:: Directions ::
The result should be every line of the listing that contains "ezdxf".

:: Source information ::
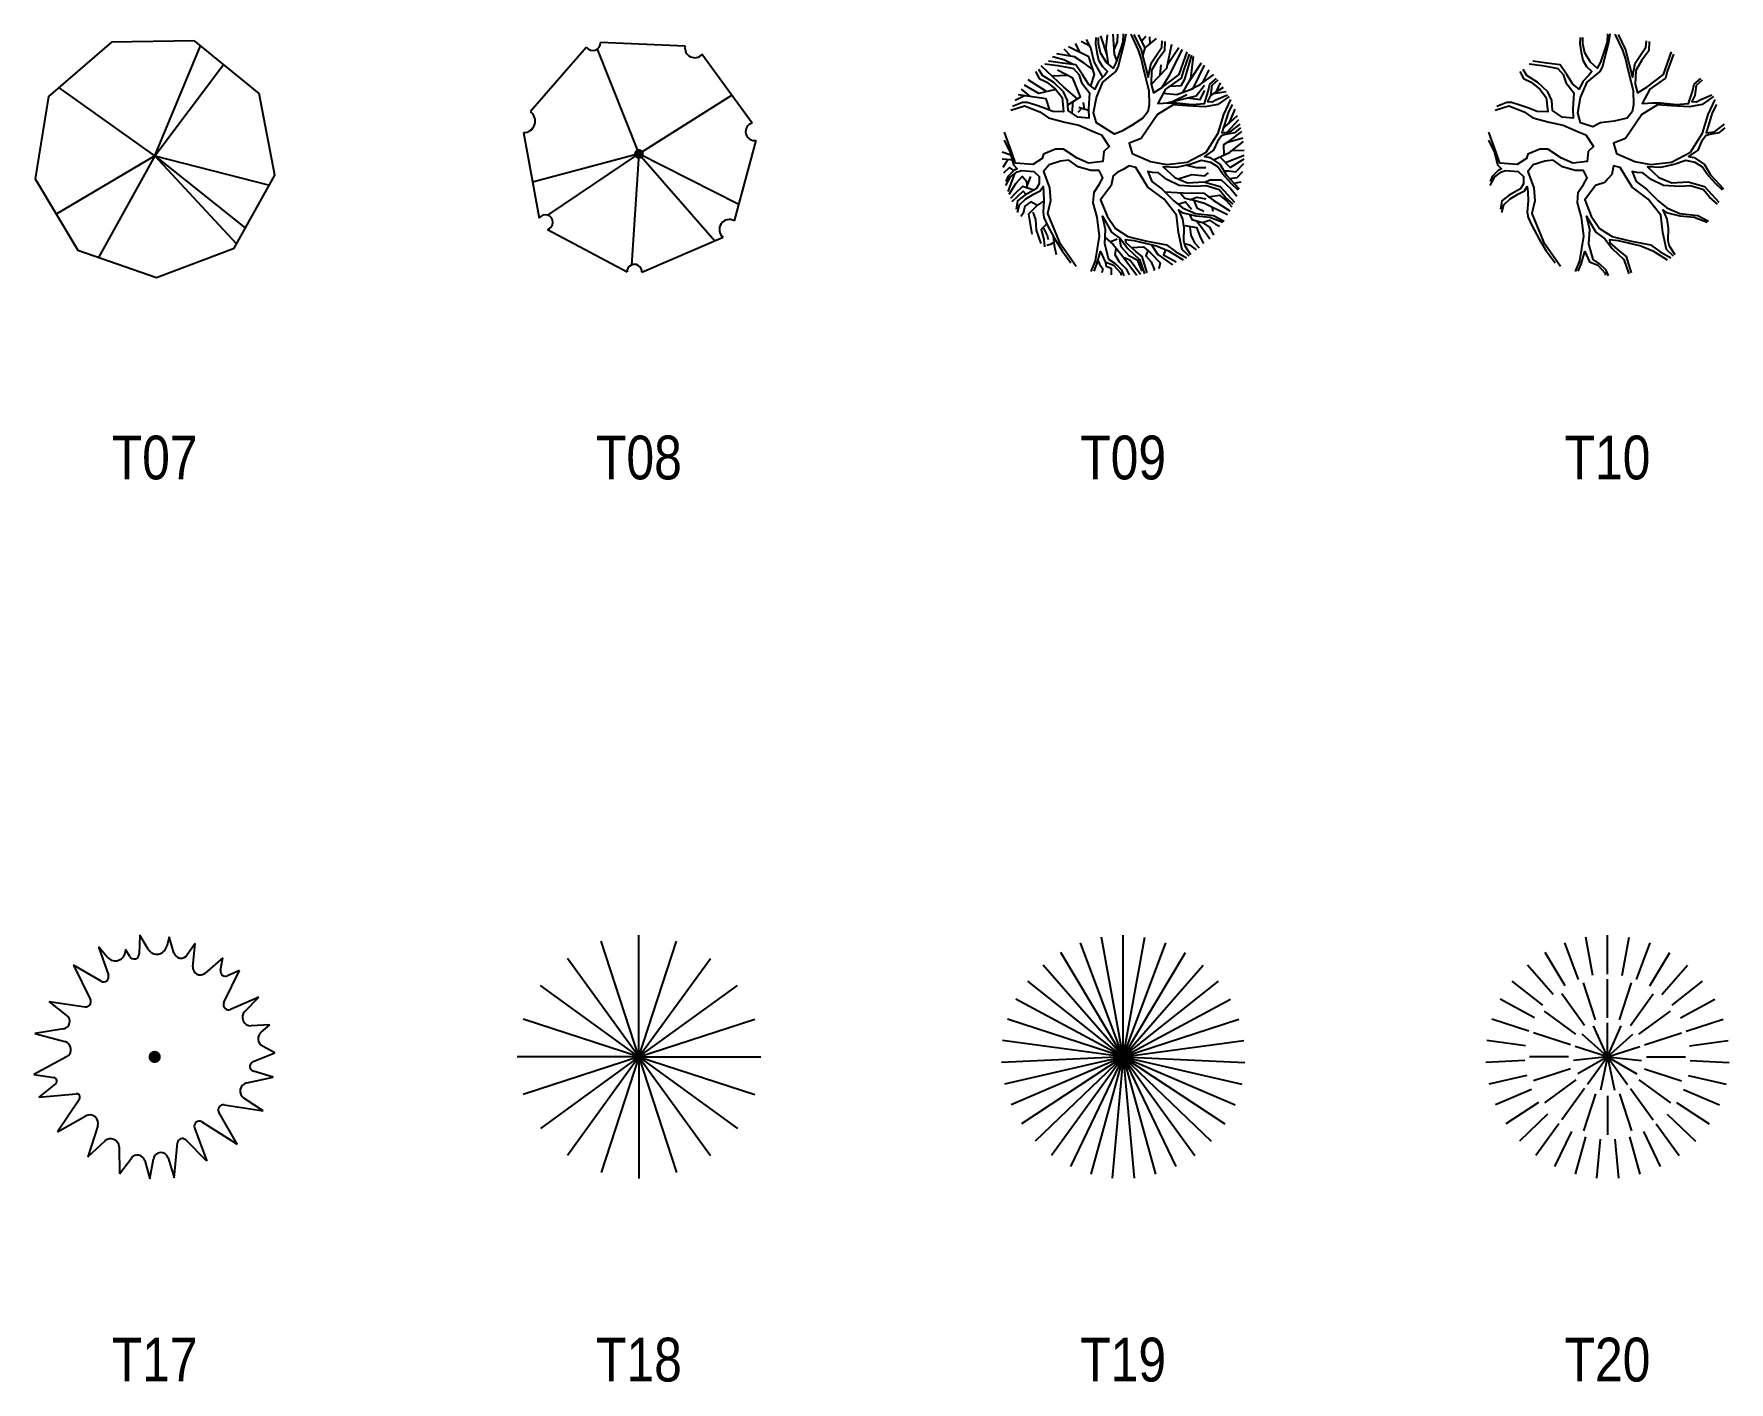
# Model space of a CAD drawing. Extents: x 1065 to 2013, y -203 to 519.
# Drawn here: x 1661.8 to 2009.9, y 167.9 to 444.8 of the extents above; entities that cross this region are included whole.
import ezdxf
from ezdxf.enums import TextEntityAlignment as Align

# ---------------------------------------------------------------- set-up
doc = ezdxf.new("R2010")
doc.units = 0
doc.header["$LTSCALE"] = 5
doc.header["$MEASUREMENT"] = 0
doc.layers.get('0').update_dxf_attribs({"linetype": 'CONTINUOUS'})
doc.styles.get("Standard").update_dxf_attribs({"font": 'ach.shx', "width": 0.85, "height": 9})

# ---------------------------------------------------------------- blocks, each defined once
blk = doc.blocks.new('T07')
for p, q in [((0, -0.0046), (0.1883, 0.448)), ((0, -0.0046), (0.2821, 0.3716)), ((0, -0.0046), (-0.3933, 0.2765)), ((0, -0.0046), (-0.4047, -0.2433)), ((0, -0.0046), (-0.2303, -0.422)), ((0, -0.0046), (0.4712, -0.1245)), ((0, -0.0046), (0.3724, -0.3015)), ((0.3365, -0.3657), (0, -0.0046))]:
    blk.add_line(p, q)
blk.add_lwpolyline([(0.4294, 0.2516), (0.1642, 0.4677), (-0.1778, 0.4627), (-0.4366, 0.2391), (-0.4911, -0.0985), (-0.3158, -0.3922), (0.0072, -0.5046), (0.3269, -0.383), (0.4936, -0.0843)], close=True)
blk = doc.blocks.new('T08')
for p, q in [((-0.2152, 0.4426), (-0.4457, 0.1772)), ((-0.172, 0.4336), (0, 0.0034)), ((0.19, 0.4463), (-0.1578, 0.4609)), ((0.4654, 0.1301), (0.2585, 0.413)), ((0, 0.0034), (0.3816, 0.2447)), ((-0.4743, 0.0911), (-0.4094, -0.2605)), ((0, 0.0034), (-0.4366, -0.1129)), ((-0.3737, -0.2482), (0, 0.0034)), ((0, 0.0034), (-0.0309, -0.4528)), ((0.4103, -0.2044), (0, 0.0034)), ((0, 0.0034), (0.3113, -0.3529)), ((0.392, -0.2713), (0.4821, 0.0592)), ((-0.3758, -0.3066), (-0.049, -0.4811)), ((0.0119, -0.482), (0.3453, -0.3383))]:
    blk.add_line(p, q)
at = {"const_width": 0.02}
blk.add_lwpolyline([(-0.01, 0.0034, 1), (0.01, 0.0034, 1)], format="xyb", close=True, dxfattribs=at)
for centre, radius, start, end in [((-0.1891, 0.4599), 0.0313, 213.38867, 1.83824), ((0.2284, 0.4382), 0.0393, 168.05052, 320.12541), ((-0.4735, 0.1386), 0.0475, 269.00703, 54.24961), ((0.4744, 0.0948), 0.0364, 104.2181, 282.28754), ((-0.3837, -0.277), 0.0305, 284.8555, 147.28172), ((0.3713, -0.3066), 0.0409, 59.62125, 230.60921), ((-0.0185, -0.4806), 0.0305, 357.41567, 180.91292)]:
    blk.add_arc(centre, radius, start, end)
blk = doc.blocks.new('T09')
for points in [[(0.0309, 0.4958), (0.0611, 0.4294), (0.0744, 0.3927), (0.084, 0.3498), (0.1049, 0.2641), (0.1068, 0.205), (0.1011, 0.1764), (0.0802, 0.1499), (0.0364, 0.1213), (-0.0055, 0.0969), (-0.036, 0.0846), (-0.1102, 0.1315), (-0.1217, 0.1724), (-0.1102, 0.2356), (-0.0836, 0.2988), (-0.0303, 0.3417), (-0.0208, 0.36), (0.0059, 0.462), (0.0117, 0.4966)], [(0.0002, 0.4967), (-0.0017, 0.4641), (-0.0113, 0.4335), (-0.0284, 0.3804), (-0.0417, 0.356), (-0.0702, 0.3804), (-0.0931, 0.4192), (-0.1007, 0.4559), (-0.1007, 0.4825)], [(-0.0657, 0.4094), (-0.0919, 0.4882)], [(-0.0597, 0.3713), (-0.0702, 0.4376), (-0.0648, 0.4925)], [(-0.0262, 0.3873), (-0.036, 0.4131), (-0.0417, 0.495)], [(-0.0373, 0.4315), (-0.0227, 0.4641), (-0.0226, 0.4962)], [(0.044, 0.4947), (0.0744, 0.4314), (0.103, 0.3192), (0.1144, 0.3764), (0.1582, 0.4416), (0.1601, 0.4682)], [(0.0897, 0.4396), (0.0625, 0.4928)], [(0.0758, 0.4669), (0.093, 0.488)], [(-0.1122, 0.4825), (-0.1141, 0.4559), (-0.1084, 0.4212), (-0.1007, 0.3886), (-0.0855, 0.3621), (-0.0646, 0.3417), (-0.076, 0.3274), (-0.1007, 0.3009), (-0.116, 0.2703), (-0.1426, 0.2907), (-0.1655, 0.3274), (-0.194, 0.3702), (-0.2492, 0.3764), (-0.3063, 0.3845)], [(-0.2152, 0.4055), (-0.2427, 0.4334)], [(-0.1325, 0.2829), (-0.1179, 0.3295), (-0.1407, 0.4029), (-0.2244, 0.4432)], [(-0.1764, 0.4201), (-0.1954, 0.4567)], [(-0.1367, 0.4468), (-0.1719, 0.466)], [(-0.0835, 0.3194), (-0.1198, 0.3825), (-0.1331, 0.4396), (-0.15, 0.4735)], [(0.0809, 0.4062), (0.0897, 0.4396), (0.137, 0.4775)], [(0.1104, 0.4562), (0.1101, 0.4844)], [(0.1715, 0.4661), (0.1697, 0.4274), (0.1411, 0.3886), (0.1163, 0.3457), (0.1144, 0.2907), (0.1239, 0.254), (0.162, 0.2784), (0.2306, 0.3295), (0.263, 0.4233)], [(0.115, 0.2883), (0.1791, 0.356), (0.1995, 0.4549)], [(0.1602, 0.2772), (0.1906, 0.3274), (0.2436, 0.4329)], [(0.1822, 0.3708), (0.2286, 0.441)], [(-0.3216, 0.3743), (-0.2683, 0.3662), (-0.2226, 0.358), (-0.2035, 0.3539), (-0.1826, 0.3295), (-0.1712, 0.2968), (-0.1388, 0.254), (-0.1426, 0.1887), (-0.1407, 0.1499), (-0.1864, 0.154), (-0.2264, 0.1826), (-0.2283, 0.2234), (-0.2454, 0.2581), (-0.2854, 0.2968), (-0.3311, 0.3254), (-0.3463, 0.3498)], [(-0.1878, 0.2297), (-0.2435, 0.2784), (-0.3363, 0.3656)], [(-0.2053, 0.3715), (-0.2435, 0.3906), (-0.2906, 0.4028)], [(-0.1238, 0.3486), (-0.1597, 0.3764), (-0.1997, 0.4029), (-0.2725, 0.4154)], [(0.2706, 0.4131), (0.2458, 0.3417), (0.2382, 0.3152), (0.1735, 0.2703), (0.143, 0.2111), (0.1868, 0.2132), (0.2191, 0.2132), (0.2839, 0.207), (0.3334, 0.2111), (0.3486, 0.2601), (0.3563, 0.2907), (0.3829, 0.3131)], [(0.1521, 0.3274), (0.1563, 0.3702)], [(0.1644, 0.2526), (0.221, 0.2478), (0.2877, 0.2723), (0.3334, 0.3682)], [(0.1911, 0.2825), (0.2382, 0.2846), (0.2534, 0.3111), (0.2816, 0.4092)], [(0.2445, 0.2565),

:: Output for this exercise ::
import ezdxf
from ezdxf.enums import TextEntityAlignment as Align
doc = ezdxf.new("R2010")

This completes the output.